# [EXERCISE DESCRIPTION]
Print the entries below exactly as they appear, from the first line up to and including the line with "#17=DIRECTION('',(1.,0.,0.));". Do not print any pictures.

= = = = =

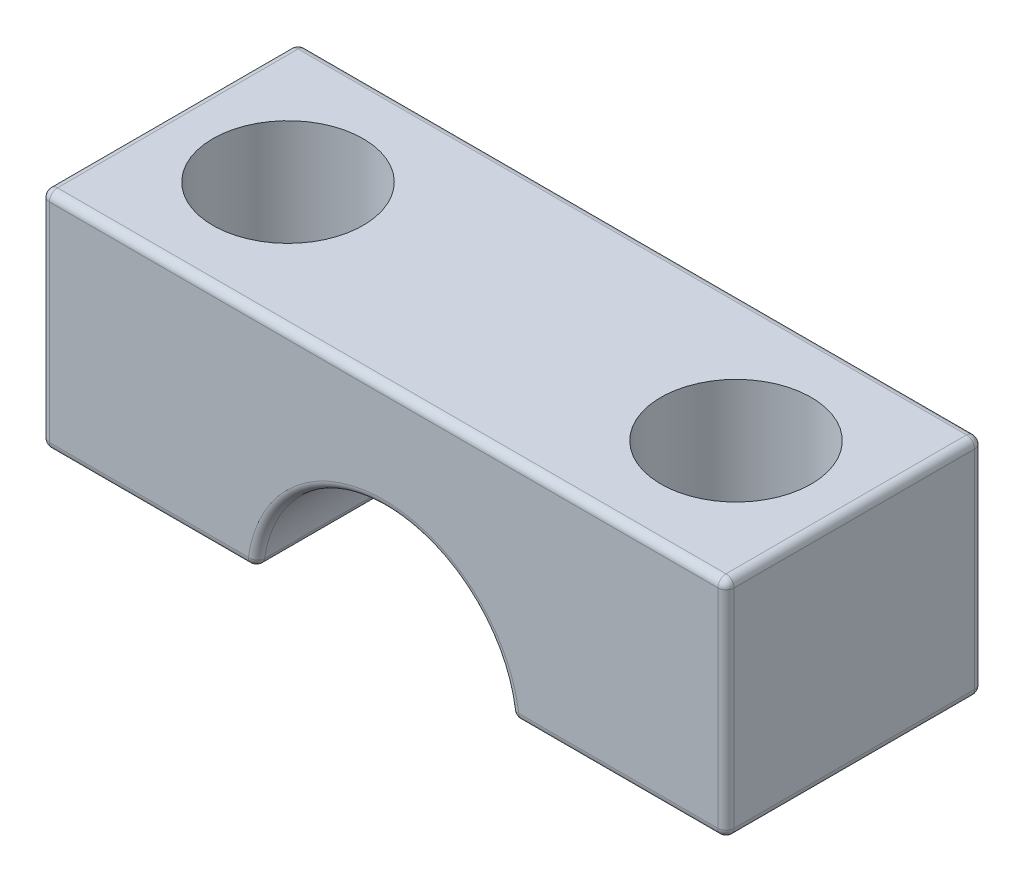
ISO-10303-21;
HEADER;
FILE_DESCRIPTION(('STEP AP214'),'2;1');
FILE_NAME('part.step','',(''),(''),'','','');
FILE_SCHEMA(('AUTOMOTIVE_DESIGN { 1 0 10303 214 1 1 1 1 }'));
ENDSEC;
DATA;
#1=APPLICATION_CONTEXT('core data for automotive mechanical design processes');
#2=APPLICATION_PROTOCOL_DEFINITION('international standard','automotive_design',2000,#1);
#3=PRODUCT_CONTEXT('',#1,'mechanical');
#4=PRODUCT('Part','Part','',(#3));
#5=PRODUCT_RELATED_PRODUCT_CATEGORY('part','',(#4));
#6=PRODUCT_DEFINITION_FORMATION('','',#4);
#7=PRODUCT_DEFINITION_CONTEXT('part definition',#1,'design');
#8=PRODUCT_DEFINITION('design','',#6,#7);
#9=PRODUCT_DEFINITION_SHAPE('','',#8);
#10=(LENGTH_UNIT() NAMED_UNIT(*) SI_UNIT(.MILLI.,.METRE.));
#11=(NAMED_UNIT(*) PLANE_ANGLE_UNIT() SI_UNIT($,.RADIAN.));
#12=(NAMED_UNIT(*) SI_UNIT($,.STERADIAN.) SOLID_ANGLE_UNIT());
#13=UNCERTAINTY_MEASURE_WITH_UNIT(LENGTH_MEASURE(1.E-05),#10,'distance_accuracy_value','');
#14=(GEOMETRIC_REPRESENTATION_CONTEXT(3) GLOBAL_UNCERTAINTY_ASSIGNED_CONTEXT((#13)) GLOBAL_UNIT_ASSIGNED_CONTEXT((#10,
#11,#12)) REPRESENTATION_CONTEXT('',''));
#15=CARTESIAN_POINT('',(0.,0.,0.));
#16=DIRECTION('',(0.,0.,1.));
#17=DIRECTION('',(1.,0.,0.));
#18=AXIS2_PLACEMENT_3D('',#15,#16,#17);
#19=CARTESIAN_POINT('',(-10.468,0.,-6.));
#20=DIRECTION('',(0.,1.,0.));
#21=DIRECTION('',(-1.,0.,0.));
#22=AXIS2_PLACEMENT_3D('',#19,#20,#21);
#23=CYLINDRICAL_SURFACE('',#22,2.254);
#24=CARTESIAN_POINT('',(-10.468,11.968,-6.));
#25=DIRECTION('',(0.,-1.,0.));
#26=DIRECTION('',(1.,0.,0.));
#27=AXIS2_PLACEMENT_3D('',#24,#25,#26);
#28=CIRCLE('',#27,2.254);
#29=CARTESIAN_POINT('',(-8.214,11.968,-6.));
#30=VERTEX_POINT('',#29);
#31=EDGE_CURVE('E380',#30,#30,#28,.T.);
#32=ORIENTED_EDGE('',*,*,#31,.T.);
#33=EDGE_LOOP('',(#32));
#34=FACE_BOUND('',#33,.T.);
#35=CARTESIAN_POINT('',(-10.468,15.445,-6.));
#36=DIRECTION('',(0.,1.,0.));
#37=DIRECTION('',(-1.,0.,0.));
#38=AXIS2_PLACEMENT_3D('',#35,#36,#37);
#39=CIRCLE('',#38,2.254);
#40=CARTESIAN_POINT('',(-12.722,15.445,-6.));
#41=VERTEX_POINT('',#40);
#42=EDGE_CURVE('E370',#41,#41,#39,.F.);
#43=ORIENTED_EDGE('',*,*,#42,.F.);
#44=EDGE_LOOP('',(#43));
#45=FACE_BOUND('',#44,.T.);
#46=ADVANCED_FACE('F39',(#34,#45),#23,.F.);
#47=CARTESIAN_POINT('',(-16.,11.968,-12.));
#48=DIRECTION('',(-1.,0.,0.));
#49=DIRECTION('',(0.,0.,1.));
#50=AXIS2_PLACEMENT_3D('',#47,#48,#49);
#51=PLANE('',#50);
#52=DIRECTION('',(0.,0.,1.));
#53=VECTOR('',#52,1.);
#54=CARTESIAN_POINT('',(-16.,22.079,-12.));
#55=LINE('',#54,#53);
#56=CARTESIAN_POINT('',(-16.,22.079,-0.381));
#57=VERTEX_POINT('',#56);
#58=CARTESIAN_POINT('',(-16.,22.079,-11.619));
#59=VERTEX_POINT('',#58);
#60=EDGE_CURVE('E59',#57,#59,#55,.F.);
#61=ORIENTED_EDGE('',*,*,#60,.T.);
#62=DIRECTION('',(0.,-1.,0.));
#63=VECTOR('',#62,1.);
#64=CARTESIAN_POINT('',(-16.,11.968,-11.619));
#65=LINE('',#64,#63);
#66=CARTESIAN_POINT('',(-16.,12.349,-11.619));
#67=VERTEX_POINT('',#66);
#68=EDGE_CURVE('E11',#59,#67,#65,.T.);
#69=ORIENTED_EDGE('',*,*,#68,.T.);
#70=DIRECTION('',(0.,0.,1.));
#71=VECTOR('',#70,1.);
#72=CARTESIAN_POINT('',(-16.,12.349,-12.));
#73=LINE('',#72,#71);
#74=CARTESIAN_POINT('',(-16.,12.349,-0.381));
#75=VERTEX_POINT('',#74);
#76=EDGE_CURVE('E48',#67,#75,#73,.T.);
#77=ORIENTED_EDGE('',*,*,#76,.T.);
#78=DIRECTION('',(0.,-1.,0.));
#79=VECTOR('',#78,1.);
#80=CARTESIAN_POINT('',(-16.,11.968,-0.380999999999999));
#81=LINE('',#80,#79);
#82=EDGE_CURVE('E263',#75,#57,#81,.F.);
#83=ORIENTED_EDGE('',*,*,#82,.T.);
#84=EDGE_LOOP('',(#61,#69,#77,#83));
#85=FACE_BOUND('',#84,.T.);
#86=ADVANCED_FACE('F444',(#85),#51,.T.);
#87=CARTESIAN_POINT('',(-16.,22.46,-12.));
#88=DIRECTION('',(0.,1.,0.));
#89=DIRECTION('',(-1.,0.,0.));
#90=AXIS2_PLACEMENT_3D('',#87,#88,#89);
#91=PLANE('',#90);
#92=DIRECTION('',(-1.,0.,0.));
#93=VECTOR('',#92,1.);
#94=CARTESIAN_POINT('',(-16.,22.46,-0.380999999999999));
#95=LINE('',#94,#93);
#96=CARTESIAN_POINT('',(-15.619,22.46,-0.381));
#97=VERTEX_POINT('',#96);
#98=CARTESIAN_POINT('',(15.619,22.46,-0.381));
#99=VERTEX_POINT('',#98);
#100=EDGE_CURVE('E199',#97,#99,#95,.F.);
#101=ORIENTED_EDGE('',*,*,#100,.T.);
#102=DIRECTION('',(0.,0.,1.));
#103=VECTOR('',#102,1.);
#104=CARTESIAN_POINT('',(15.619,22.46,-12.));
#105=LINE('',#104,#103);
#106=CARTESIAN_POINT('',(15.619,22.46,-11.619));
#107=VERTEX_POINT('',#106);
#108=EDGE_CURVE('E170',#99,#107,#105,.F.);
#109=ORIENTED_EDGE('',*,*,#108,.T.);
#110=DIRECTION('',(-1.,0.,0.));
#111=VECTOR('',#110,1.);
#112=CARTESIAN_POINT('',(-16.,22.46,-11.619));
#113=LINE('',#112,#111);
#114=CARTESIAN_POINT('',(-15.619,22.46,-11.619));
#115=VERTEX_POINT('',#114);
#116=EDGE_CURVE('E207',#107,#115,#113,.T.);
#117=ORIENTED_EDGE('',*,*,#116,.T.);
#118=DIRECTION('',(0.,0.,1.));
#119=VECTOR('',#118,1.);
#120=CARTESIAN_POINT('',(-15.619,22.46,-12.));
#121=LINE('',#120,#119);
#122=EDGE_CURVE('E201',#115,#97,#121,.T.);
#123=ORIENTED_EDGE('',*,*,#122,.T.);
#124=EDGE_LOOP('',(#101,#109,#117,#123));
#125=FACE_BOUND('',#124,.T.);
#126=CARTESIAN_POINT('',(-10.468,22.46,-6.));
#127=DIRECTION('',(0.,1.,0.));
#128=DIRECTION('',(-1.,0.,0.));
#129=AXIS2_PLACEMENT_3D('',#126,#127,#128);
#130=CIRCLE('',#129,3.5125);
#131=CARTESIAN_POINT('',(-13.9805,22.46,-6.));
#132=VERTEX_POINT('',#131);
#133=EDGE_CURVE('E359',#132,#132,#130,.T.);
#134=ORIENTED_EDGE('',*,*,#133,.F.);
#135=EDGE_LOOP('',(#134));
#136=FACE_BOUND('',#135,.T.);
#137=CARTESIAN_POINT('',(10.468,22.46,-6.));
#138=DIRECTION('',(0.,1.,0.));
#139=DIRECTION('',(1.,0.,0.));
#140=AXIS2_PLACEMENT_3D('',#137,#138,#139);
#141=CIRCLE('',#140,3.5125);
#142=CARTESIAN_POINT('',(13.9805,22.46,-6.));
#143=VERTEX_POINT('',#142);
#144=EDGE_CURVE('E377',#143,#143,#141,.T.);
#145=ORIENTED_EDGE('',*,*,#144,.F.);
#146=EDGE_LOOP('',(#145));
#147=FACE_BOUND('',#146,.T.);
#148=ADVANCED_FACE('F412',(#125,#136,#147),#91,.T.);
#149=CARTESIAN_POINT('',(16.,11.968,-12.));
#150=DIRECTION('',(1.,0.,0.));
#151=DIRECTION('',(0.,0.,-1.));
#152=AXIS2_PLACEMENT_3D('',#149,#150,#151);
#153=PLANE('',#152);
#154=DIRECTION('',(0.,1.,0.));
#155=VECTOR('',#154,1.);
#156=CARTESIAN_POINT('',(16.,22.46,-11.619));
#157=LINE('',#156,#155);
#158=CARTESIAN_POINT('',(16.,12.349,-11.619));
#159=VERTEX_POINT('',#158);
#160=CARTESIAN_POINT('',(16.,22.079,-11.619));
#161=VERTEX_POINT('',#160);
#162=EDGE_CURVE('E197',#159,#161,#157,.T.);
#163=ORIENTED_EDGE('',*,*,#162,.T.);
#164=DIRECTION('',(0.,0.,1.));
#165=VECTOR('',#164,1.);
#166=CARTESIAN_POINT('',(16.,22.079,-12.));
#167=LINE('',#166,#165);
#168=CARTESIAN_POINT('',(16.,22.079,-0.381));
#169=VERTEX_POINT('',#168);
#170=EDGE_CURVE('E168',#161,#169,#167,.T.);
#171=ORIENTED_EDGE('',*,*,#170,.T.);
#172=DIRECTION('',(0.,1.,0.));
#173=VECTOR('',#172,1.);
#174=CARTESIAN_POINT('',(16.,11.968,-0.380999999999999));
#175=LINE('',#174,#173);
#176=CARTESIAN_POINT('',(16.,12.349,-0.381));
#177=VERTEX_POINT('',#176);
#178=EDGE_CURVE('E186',#169,#177,#175,.F.);
#179=ORIENTED_EDGE('',*,*,#178,.T.);
#180=DIRECTION('',(0.,0.,1.));
#181=VECTOR('',#180,1.);
#182=CARTESIAN_POINT('',(16.,12.349,-12.));
#183=LINE('',#182,#181);
#184=EDGE_CURVE('E192',#177,#159,#183,.F.);
#185=ORIENTED_EDGE('',*,*,#184,.T.);
#186=EDGE_LOOP('',(#163,#171,#179,#185));
#187=FACE_BOUND('',#186,.T.);
#188=ADVANCED_FACE('F195',(#187),#153,.T.);
#189=CARTESIAN_POINT('',(5.97845598796211,11.968,-12.));
#190=DIRECTION('',(0.,-1.,0.));
#191=DIRECTION('',(1.,0.,0.));
#192=AXIS2_PLACEMENT_3D('',#189,#190,#191);
#193=PLANE('',#192);
#194=DIRECTION('',(0.,0.,1.));
#195=VECTOR('',#194,1.);
#196=CARTESIAN_POINT('',(6.31876886742979,11.968,-12.));
#197=LINE('',#196,#195);
#198=CARTESIAN_POINT('',(6.31876886742979,11.968,-0.381));
#199=VERTEX_POINT('',#198);
#200=CARTESIAN_POINT('',(6.31876886742979,11.968,-11.619));
#201=VERTEX_POINT('',#200);
#202=EDGE_CURVE('E225',#199,#201,#197,.F.);
#203=ORIENTED_EDGE('',*,*,#202,.T.);
#204=DIRECTION('',(1.,0.,0.));
#205=VECTOR('',#204,1.);
#206=CARTESIAN_POINT('',(16.,11.968,-11.619));
#207=LINE('',#206,#205);
#208=CARTESIAN_POINT('',(15.619,11.968,-11.619));
#209=VERTEX_POINT('',#208);
#210=EDGE_CURVE('E230',#201,#209,#207,.T.);
#211=ORIENTED_EDGE('',*,*,#210,.T.);
#212=DIRECTION('',(0.,0.,1.));
#213=VECTOR('',#212,1.);
#214=CARTESIAN_POINT('',(15.619,11.968,-12.));
#215=LINE('',#214,#213);
#216=CARTESIAN_POINT('',(15.619,11.968,-0.381));
#217=VERTEX_POINT('',#216);
#218=EDGE_CURVE('E227',#209,#217,#215,.T.);
#219=ORIENTED_EDGE('',*,*,#218,.T.);
#220=DIRECTION('',(1.,0.,0.));
#221=VECTOR('',#220,1.);
#222=CARTESIAN_POINT('',(5.97845598796211,11.968,-0.380999999999999));
#223=LINE('',#222,#221);
#224=EDGE_CURVE('E223',#217,#199,#223,.F.);
#225=ORIENTED_EDGE('',*,*,#224,.T.);
#226=EDGE_LOOP('',(#203,#211,#219,#225));
#227=FACE_BOUND('',#226,.T.);
#228=CARTESIAN_POINT('',(10.468,11.968,-6.));
#229=DIRECTION('',(0.,-1.,0.));
#230=DIRECTION('',(1.,0.,0.));
#231=AXIS2_PLACEMENT_3D('',#228,#229,#230);
#232=CIRCLE('',#231,2.254);
#233=CARTESIAN_POINT('',(12.722,11.968,-6.));
#234=VERTEX_POINT('',#233);
#235=EDGE_CURVE('E193',#234,#234,#232,.T.);
#236=ORIENTED_EDGE('',*,*,#235,.F.);
#237=EDGE_LOOP('',(#236));
#238=FACE_BOUND('',#237,.T.);
#239=ADVANCED_FACE('F468',(#227,#238),#193,.T.);
#240=CARTESIAN_POINT('',(0.,11.46,-12.));
#241=DIRECTION('',(0.,0.,1.));
#242=DIRECTION('',(1.,0.,0.));
#243=AXIS2_PLACEMENT_3D('',#240,#241,#242);
#244=CYLINDRICAL_SURFACE('',#243,6.);
#245=DIRECTION('',(0.,0.,1.));
#246=VECTOR('',#245,1.);
#247=CARTESIAN_POINT('',(5.94148459560865,12.2959191349318,-12.));
#248=LINE('',#247,#246);
#249=CARTESIAN_POINT('',(5.94148459560864,12.2959191349318,-11.619));
#250=VERTEX_POINT('',#249);
#251=CARTESIAN_POINT('',(5.94148459560864,12.2959191349318,-0.380999999999999));
#252=VERTEX_POINT('',#251);
#253=EDGE_CURVE('E249',#250,#252,#248,.T.);
#254=ORIENTED_EDGE('',*,*,#253,.T.);
#255=CARTESIAN_POINT('',(0.,11.46,-0.380999999999999));
#256=DIRECTION('',(0.,0.,1.));
#257=DIRECTION('',(1.,0.,0.));
#258=AXIS2_PLACEMENT_3D('',#255,#256,#257);
#259=CIRCLE('',#258,6.);
#260=CARTESIAN_POINT('',(-5.94148459560865,12.2959191349318,-0.380999999999999));
#261=VERTEX_POINT('',#260);
#262=EDGE_CURVE('E252',#252,#261,#259,.T.);
#263=ORIENTED_EDGE('',*,*,#262,.T.);
#264=DIRECTION('',(0.,0.,1.));
#265=VECTOR('',#264,1.);
#266=CARTESIAN_POINT('',(-5.94148459560865,12.2959191349318,-12.));
#267=LINE('',#266,#265);
#268=CARTESIAN_POINT('',(-5.94148459560865,12.2959191349318,-11.619));
#269=VERTEX_POINT('',#268);
#270=EDGE_CURVE('E247',#261,#269,#267,.F.);
#271=ORIENTED_EDGE('',*,*,#270,.T.);
#272=CARTESIAN_POINT('',(0.,11.46,-11.619));
#273=DIRECTION('',(0.,0.,1.));
#274=DIRECTION('',(1.,0.,0.));
#275=AXIS2_PLACEMENT_3D('',#272,#273,#274);
#276=CIRCLE('',#275,6.);
#277=EDGE_CURVE('E245',#269,#250,#276,.F.);
#278=ORIENTED_EDGE('',*,*,#277,.T.);
#279=EDGE_LOOP('',(#254,#263,#271,#278));
#280=FACE_BOUND('',#279,.T.);
#281=ADVANCED_FACE('F471',(#280),#244,.F.);
#282=CARTESIAN_POINT('',(-16.,11.968,-12.));
#283=DIRECTION('',(0.,-1.,0.));
#284=DIRECTION('',(1.,0.,0.));
#285=AXIS2_PLACEMENT_3D('',#282,#283,#284);
#286=PLANE('',#285);
#287=DIRECTION('',(1.,0.,0.));
#288=VECTOR('',#287,1.);
#289=CARTESIAN_POINT('',(-5.97845598796211,11.968,-11.619));
#290=LINE('',#289,#288);
#291=CARTESIAN_POINT('',(-15.619,11.968,-11.619));
#292=VERTEX_POINT('',#291);
#293=CARTESIAN_POINT('',(-6.31876886742979,11.968,-11.619));
#294=VERTEX_POINT('',#293);
#295=EDGE_CURVE('E258',#292,#294,#290,.T.);
#296=ORIENTED_EDGE('',*,*,#295,.T.);
#297=DIRECTION('',(0.,0.,1.));
#298=VECTOR('',#297,1.);
#299=CARTESIAN_POINT('',(-6.31876886742979,11.968,-12.));
#300=LINE('',#299,#298);
#301=CARTESIAN_POINT('',(-6.31876886742979,11.968,-0.381));
#302=VERTEX_POINT('',#301);
#303=EDGE_CURVE('E260',#294,#302,#300,.T.);
#304=ORIENTED_EDGE('',*,*,#303,.T.);
#305=DIRECTION('',(1.,0.,0.));
#306=VECTOR('',#305,1.);
#307=CARTESIAN_POINT('',(-16.,11.968,-0.380999999999999));
#308=LINE('',#307,#306);
#309=CARTESIAN_POINT('',(-15.619,11.968,-0.381));
#310=VERTEX_POINT('',#309);
#311=EDGE_CURVE('E254',#302,#310,#308,.F.);
#312=ORIENTED_EDGE('',*,*,#311,.T.);
#313=DIRECTION('',(0.,0.,1.));
#314=VECTOR('',#313,1.);
#315=CARTESIAN_POINT('',(-15.619,11.968,-12.));
#316=LINE('',#315,#314);
#317=EDGE_CURVE('E256',#310,#292,#316,.F.);
#318=ORIENTED_EDGE('',*,*,#317,.T.);
#319=EDGE_LOOP('',(#296,#304,#312,#318));
#320=FACE_BOUND('',#319,.T.);
#321=ORIENTED_EDGE('',*,*,#31,.F.);
#322=EDGE_LOOP('',(#321));
#323=FACE_BOUND('',#322,.T.);
#324=ADVANCED_FACE('F460',(#320,#323),#286,.T.);
#325=CARTESIAN_POINT('',(0.,11.46,-12.));
#326=DIRECTION('',(0.,0.,1.));
#327=DIRECTION('',(1.,0.,0.));
#328=AXIS2_PLACEMENT_3D('',#325,#326,#327);
#329=PLANE('',#328);
#330=DIRECTION('',(0.,1.,0.));
#331=VECTOR('',#330,1.);
#332=CARTESIAN_POINT('',(15.619,11.968,-12.));
#333=LINE('',#332,#331);
#334=CARTESIAN_POINT('',(15.619,22.079,-12.));
#335=VERTEX_POINT('',#334);
#336=CARTESIAN_POINT('',(15.619,12.349,-12.));
#337=VERTEX_POINT('',#336);
#338=EDGE_CURVE('E218',#335,#337,#333,.F.);
#339=ORIENTED_EDGE('',*,*,#338,.T.);
#340=DIRECTION('',(1.,0.,0.));
#341=VECTOR('',#340,1.);
#342=CARTESIAN_POINT('',(5.97845598796211,12.349,-12.));
#343=LINE('',#342,#341);
#344=CARTESIAN_POINT('',(6.31876886742979,12.349,-12.));
#345=VERTEX_POINT('',#344);
#346=EDGE_CURVE('E221',#337,#345,#343,.F.);
#347=ORIENTED_EDGE('',*,*,#346,.T.);
#348=CARTESIAN_POINT('',(0.,11.46,-12.));
#349=DIRECTION('',(0.,0.,1.));
#350=DIRECTION('',(1.,0.,0.));
#351=AXIS2_PLACEMENT_3D('',#348,#349,#350);
#352=CIRCLE('',#351,6.381);
#353=CARTESIAN_POINT('',(-6.31876886742979,12.349,-12.));
#354=VERTEX_POINT('',#353);
#355=EDGE_CURVE('E216',#345,#354,#352,.T.);
#356=ORIENTED_EDGE('',*,*,#355,.T.);
#357=DIRECTION('',(1.,0.,0.));
#358=VECTOR('',#357,1.);
#359=CARTESIAN_POINT('',(-16.,12.349,-12.));
#360=LINE('',#359,#358);
#361=CARTESIAN_POINT('',(-15.619,12.349,-12.));
#362=VERTEX_POINT('',#361);
#363=EDGE_CURVE('E214',#354,#362,#360,.F.);
#364=ORIENTED_EDGE('',*,*,#363,.T.);
#365=DIRECTION('',(0.,-1.,0.));
#366=VECTOR('',#365,1.);
#367=CARTESIAN_POINT('',(-15.619,22.46,-12.));
#368=LINE('',#367,#366);
#369=CARTESIAN_POINT('',(-15.619,22.079,-12.));
#370=VERTEX_POINT('',#369);
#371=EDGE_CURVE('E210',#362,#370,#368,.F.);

= = = = =

# [ANSWER BELOW]
ISO-10303-21;
HEADER;
FILE_DESCRIPTION(('STEP AP214'),'2;1');
FILE_NAME('part.step','',(''),(''),'','','');
FILE_SCHEMA(('AUTOMOTIVE_DESIGN { 1 0 10303 214 1 1 1 1 }'));
ENDSEC;
DATA;
#1=APPLICATION_CONTEXT('core data for automotive mechanical design processes');
#2=APPLICATION_PROTOCOL_DEFINITION('international standard','automotive_design',2000,#1);
#3=PRODUCT_CONTEXT('',#1,'mechanical');
#4=PRODUCT('Part','Part','',(#3));
#5=PRODUCT_RELATED_PRODUCT_CATEGORY('part','',(#4));
#6=PRODUCT_DEFINITION_FORMATION('','',#4);
#7=PRODUCT_DEFINITION_CONTEXT('part definition',#1,'design');
#8=PRODUCT_DEFINITION('design','',#6,#7);
#9=PRODUCT_DEFINITION_SHAPE('','',#8);
#10=(LENGTH_UNIT() NAMED_UNIT(*) SI_UNIT(.MILLI.,.METRE.));
#11=(NAMED_UNIT(*) PLANE_ANGLE_UNIT() SI_UNIT($,.RADIAN.));
#12=(NAMED_UNIT(*) SI_UNIT($,.STERADIAN.) SOLID_ANGLE_UNIT());
#13=UNCERTAINTY_MEASURE_WITH_UNIT(LENGTH_MEASURE(1.E-05),#10,'distance_accuracy_value','');
#14=(GEOMETRIC_REPRESENTATION_CONTEXT(3) GLOBAL_UNCERTAINTY_ASSIGNED_CONTEXT((#13)) GLOBAL_UNIT_ASSIGNED_CONTEXT((#10,
#11,#12)) REPRESENTATION_CONTEXT('',''));
#15=CARTESIAN_POINT('',(0.,0.,0.));
#16=DIRECTION('',(0.,0.,1.));
#17=DIRECTION('',(1.,0.,0.));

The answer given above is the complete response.